**ABOUT THIS EXERCISE**
Collect the lines of the entries where "CityJSON" shows up.

**EXTRACTED ENTRIES**
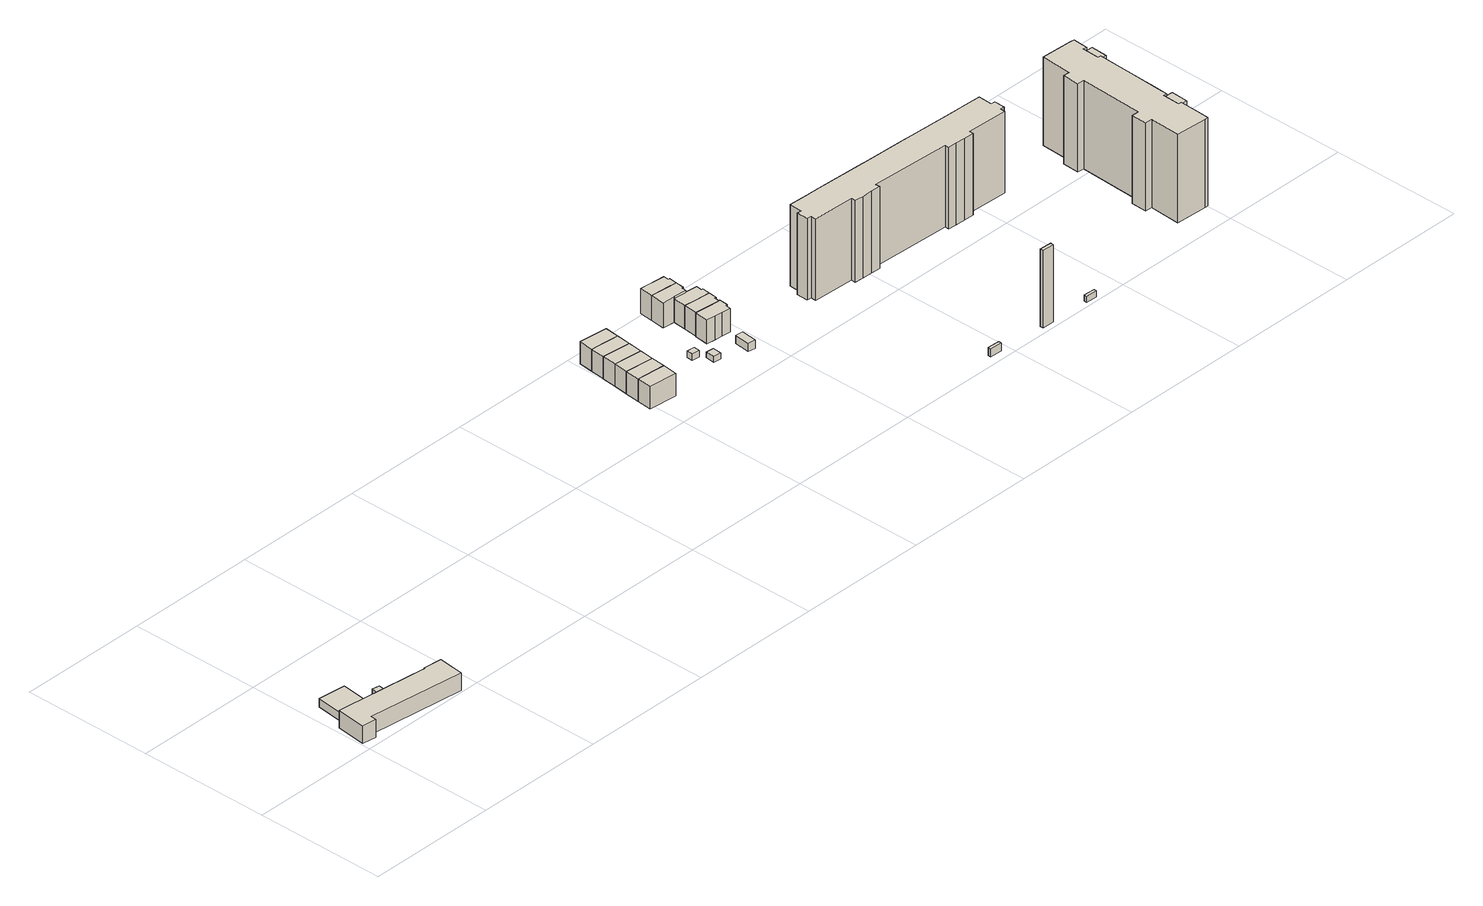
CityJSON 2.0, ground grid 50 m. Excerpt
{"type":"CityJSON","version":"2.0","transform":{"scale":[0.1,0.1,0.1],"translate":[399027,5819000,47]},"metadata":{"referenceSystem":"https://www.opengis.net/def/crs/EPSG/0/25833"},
"CityObjects":{
"building1":{"type":"Building","attributes":{"Gemeindeschluessel":"11000011","BezugspunktDach":"2200","function":"51009_1610","measuredHeight":5.84,"storeysAboveGround":0},"address":[{"country":"Germany","locality":"Berlin"}],"geometry":[{"type":"Solid","lod":"1","boundaries":[[[[0,1,2,3]],[[4,5,6,7]],[[4,7,3,2]],[[5,4,2,1]],[[6,5,1,0]],[[7,6,0,3]]]]}]},
"building2":{"type":"Building","attributes":{"Gemeindeschluessel":"11000011","function":"31001_1022"},"address":[{"country":"Germany","locality":"Berlin","thoroughfareNumber":"33","thoroughfareName":"Rosenfelder Ring"}],"children":["building2-1","building2-2"]},
"building2-1":{"type":"BuildingPart","attributes":{"BezugspunktDach":"2200","measuredHeight":6.77,"storeysAboveGround":2},"parents":["building2"],"geometry":[{"type":"MultiSurface","lod":"1","boundaries":[[[8,9,10,11,12,13,14,15,16,17,18,19]],[[20,21,22,23,24,25,26,27,28,29,30,31]],[[20,31,19,18]],[[21,20,18,17]],[[22,21,32,33,34,35,17,16]],[[23,22,16,15]],[[24,23,15,14]],[[25,24,14,13]],[[26,25,13,12]],[[27,26,12,11]],[[28,27,11,10]],[[29,28,10,9]],[[30,29,9,8]],[[31,30,8,19]],[[35,34,33,32]]]}]},
"building2-2":{"type":"BuildingPart","attributes":{"BezugspunktDach":"2200","measuredHeight":3.28,"storeysAboveGround":2},"parents":["building2"],"geometry":[{"type":"MultiSurface","lod":"1","boundaries":[[[34,36,37,38,39,35]],[[40,41,42,43,33,32]],[[40,32,35,39]],[[41,40,39,38]],[[42,41,38,37]],[[43,42,37,36]],[[33,43,36,34]],[[33,44,34,35,32]]]}]},
"building3":{"type":"Building","attributes":{"Gemeindeschluessel":"11000011","BezugspunktDach":"2200","function":"31001_1010","measuredHeight":10.89,"storeysAboveGround":2},"address":[{"country":"Germany","locality":"Berlin","thoroughfareNumber":"63C","thoroughfareName":"Rosenfelder Ring"}],"geometry":[{"type":"Solid","lod":"1","boundaries":[[[[45,46,47,48,49]],[[50,51,52,53,54]],[[50,54,49,48]],[[51,50,48,47]],[[52,51,47,46]],[[53,52,46,45]],[[54,53,45,49]]]]}]},
"building4":{"type":"Building","attributes":{"Gemeindeschluessel":"11000011","BezugspunktDach":"2200","function":"31001_1010","measuredHeight":10.89,"storeysAboveGround":2},"address":[{"country":"Germany","locality":"Berlin","thoroughfareNumber":"63B","thoroughfareName":"Rosenfelder Ring"}],"geometry":[{"type":"Solid","lod":"1","boundaries":[[[[46,55,56,57,48]],[[58,59,60,52,50]],[[58,50,48,57]],[[59,58,57,56]],[[60,59,56,55]],[[52,60,55,46]],[[50,52,46,48]]]]}]},
"building5":{"type":"Building","attributes":{"Gemeindeschluessel":"11000011","BezugspunktDach":"2200","function":"31001_1010","measuredHeight":10.77,"storeysAboveGround":2},"address":[{"country":"Germany","locality":"Berlin","thoroughfareNumber":"63A","thoroughfareName":"Rosenfelder Ring"}],"geometry":[{"type":"Solid","lod":"1","boundaries":[[[[55,61,62,63,57]],[[64,65,66,67,68]],[[64,68,57,63]],[[65,64,63,62]],[[66,65,62,61]],[[67,66,61,55]],[[68,67,55,57]]]]}]},
"building6":{"type":"Building","attributes":{"Gemeindeschluessel":"11000011","BezugspunktDach":"2200","function":"31001_1010","measuredHeight":10.69,"storeysAboveGround":2},"address":[{"country":"Germany","locality":"Berlin","thoroughfareNumber":"63","thoroughfareName":"Rosenfelder Ring"}],"geometry":[{"type":"Solid","lod":"1","boundaries":[[[[61,69,70,71,63]],[[72,73,74,66,64]],[[72,64,63,71]],[[73,72,71,70]],[[74,73,70,69]],[[66,74,69,61]],[[64,66,61,63]]]]}]},
"building7":{"type":"Building","attributes":{"Gemeindeschluessel":"11000011","BezugspunktDach":"2200","function":"31001_1010","measuredHeight":10.68,"storeysAboveGround":2},"address":[{"country":"Germany","locality":"Berlin","thoroughfareNumber":"61C","thoroughfareName":"Rosenfelder Ring"}],"geometry":[{"type":"Solid","lod":"1","boundaries":[[[[69,75,76,77,71]],[[78,79,80,81,82]],[[78,82,71,77]],[[79,78,77,76]],[[80,79,76,75]],[[81,80,75,69]],[[82,81,69,71]]]]}]},
"building8":{"type":"Building","attributes":{"Gemeindeschluessel":"11000011","BezugspunktDach":"2200","function":"31001_1010","measuredHeight":10.65,"storeysAboveGround":2},"address":[{"country":"Germany","locality":"Berlin","thoroughfareNumber":"61B","thoroughfareName":"Rosenfelder Ring"}],"geometry":[{"type":"Solid","lod":"1","boundaries":[[[[76,75,83,84,85,77]],[[86,87,88,80,79,78]],[[86,78,77,85]],[[87,86,85,84]],[[88,87,84,83]],[[80,88,83,75]],[[79,80,75,76]],[[78,79,76,77]]]]}]},
"building9":{"type":"Building","attributes":{"Gemeindeschluessel":"11000011","BezugspunktDach":"2200","function":"31001_2143","measuredHeight":2.47,"storeysAboveGround":1},"address":[{"country":"Germany","locality":"Berlin","thoroughfareNumber":"47 (1)","thoroughfareName":"Rosenfelder Ring"}],"geometry":[{"type":"Solid","lod":"1","boundaries":[[[[89,90,91,92]],[[93,94,95,96]],[[93,96,92,91]],[[94,93,91,90]],[[95,94,90,89]],[[96,95,89,92]]]]}]},
"building10":{"type":"Building","attributes":{"Gemeindeschluessel":"11000011","BezugspunktDach":"2200","function":"31001_2143","measuredHeight":2.21,"storeysAboveGround":1},"address":[{"country":"Germany","locality":"Berlin","thoroughfareNumber":"47 (2)","thoroughfareName":"Rosenfelder Ring"}],"geometry":[{"type":"Solid","lod":"1","boundaries":[[[[97,98,99,100]],[[101,102,103,104]],[[101,104,100,99]],[[102,101,99,98]],[[103,102,98,97]],[[104,103,97,100]]]]}]},
"building11":{"type":"Building","attributes":{"Gemeindeschluessel":"11000011","BezugspunktDach":"2200","function":"31001_2520","measuredHeight":3.16,"storeysAboveGround":1},"address":[{"country":"Germany","locality":"Berlin","thoroughfareNumber":"63 (1)","thoroughfareName":"Rosenfelder Ring"}],"geometry":[{"type":"Solid","lod":"1","boundaries":[[[[105,106,107,108]],[[109,110,111,112]],[[109,112,108,107]],[[110,109,107,106]],[[111,110,106,105]],[[112,111,105,108]]]]}]},
"building12":{"type":"Building","attributes":{"Gemeindeschluessel":"11000011","BezugspunktDach":"2200","function":"31001_1010","measuredHeight":11.22,"storeysAboveGround":2},"address":[{"country":"Germany","locality":"Berlin","thoroughfareNumber":"47","thoroughfareName":"Rosenfelder Ring"}],"geometry":[{"type":"Solid","lod":"1","boundaries":[[[[113,114,115,116,117,118,119,120,121,122,123,124]],[[125,126,127,128,129,130,131,132,133,134,135,136]],[[125,136,124,123]],[[126,125,123,122]],[[127,126,122,121]],[[128,127,121,120]],[[129,128,120,119]],[[130,129,119,118]],[[131,130,118,117]],[[132,131,117,116]],[[133,132,116,115]],[[134,133,115,114]],[[135,134,114,113]],[[136,135,113,124]]]]}]},
"building13":{"type":"Building","attributes":{"Gemeindeschluessel":"11000011","BezugspunktDach":"2200","function":"31001_1010","measuredHeight":11.22,"storeysAboveGround":2},"address":[{"country":"Germany","locality":"Berlin","thoroughfareNumber":"49","thoroughfareName":"Rosenfelder Ring"}],"geometry":[{"type":"Solid","lod":"1","boundaries":[[[[137,138,139,140,141,142,143,144,145,146,147]],[[148,149,150,151,152,153,154,155,156,157,158]],[[148,158,147,146]],[[149,148,146,145]],[[150,149,145,144]],[[151,150,144,143]],[[152,151,143,142]],[[153,152,142,141]],[[154,153,141,140]],[[155,154,140,139]],[[156,155,139,138]],[[157,156,138,137]],[[158,157,137,147]]]]}]},
"building14":{"type":"Building","attributes":{"Gemeindeschluessel":"11000011","BezugspunktDach":"2200","function":"31001_1010","measuredHeight":11.04,"storeysAboveGround":2},"address":[{"country":"Germany","locality":"Berlin","thoroughfareNumber":"47A","thoroughfareName":"Rosenfelder Ring"}],"geometry":[{"type":"Solid","lod":"1","boundaries":[[[[159,160,161,162,163,164,165,166,167]],[[168,169,170,171,172,173,174,175,176]],[[168,176,167,166]],[[169,168,166,165]],[[170,169,165,164]],[[171,170,164,163]],[[172,171,163,162]],[[173,172,162,161]],[[174,173,161,160]],[[175,174,160,159]],[[176,175,159,167]]]]}]},
"building15":{"type":"Building","attributes":{"Gemeindeschluessel":"11000011","BezugspunktDach":"2200","function":"31001_1010","measuredHeight":11.22,"storeysAboveGround":2},"address":[{"country":"Germany","locality":"Berlin","thoroughfareNumber":"49A","thoroughfareName":"Rosenfelder Ring"}],"geometry":[{"type":"Solid","lod":"1","boundaries":[[[[177,178,144,179,180,181,182,183,184,146]],[[185,186,187,188,189,190,150,191,192,148]],[[185,148,146,184]],[[186,185,184,183]],[[187,186,183,182]],[[188,187,182,181]],[[189,188,181,180]],[[190,189,180,179]],[[150,190,179,144]],[[191,150,144,178]],[[192,191,178,177]],[[148,192,177,146]]]]}]},
"building16":{"type":"Building","attributes":{"Gemeindeschluessel":"11000011","BezugspunktDach":"2200","function":"31001_1010","measuredHeight":11,"storeysAboveGround":2},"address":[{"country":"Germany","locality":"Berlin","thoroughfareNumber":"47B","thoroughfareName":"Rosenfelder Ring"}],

**EXERCISE ANSWER**
CityJSON 2.0, ground grid 50 m. Excerpt
{"type":"CityJSON","version":"2.0","transform":{"scale":[0.1,0.1,0.1],"translate":[399027,5819000,47]},"metadata":{"referenceSystem":"https://www.opengis.net/def/crs/EPSG/0/25833"},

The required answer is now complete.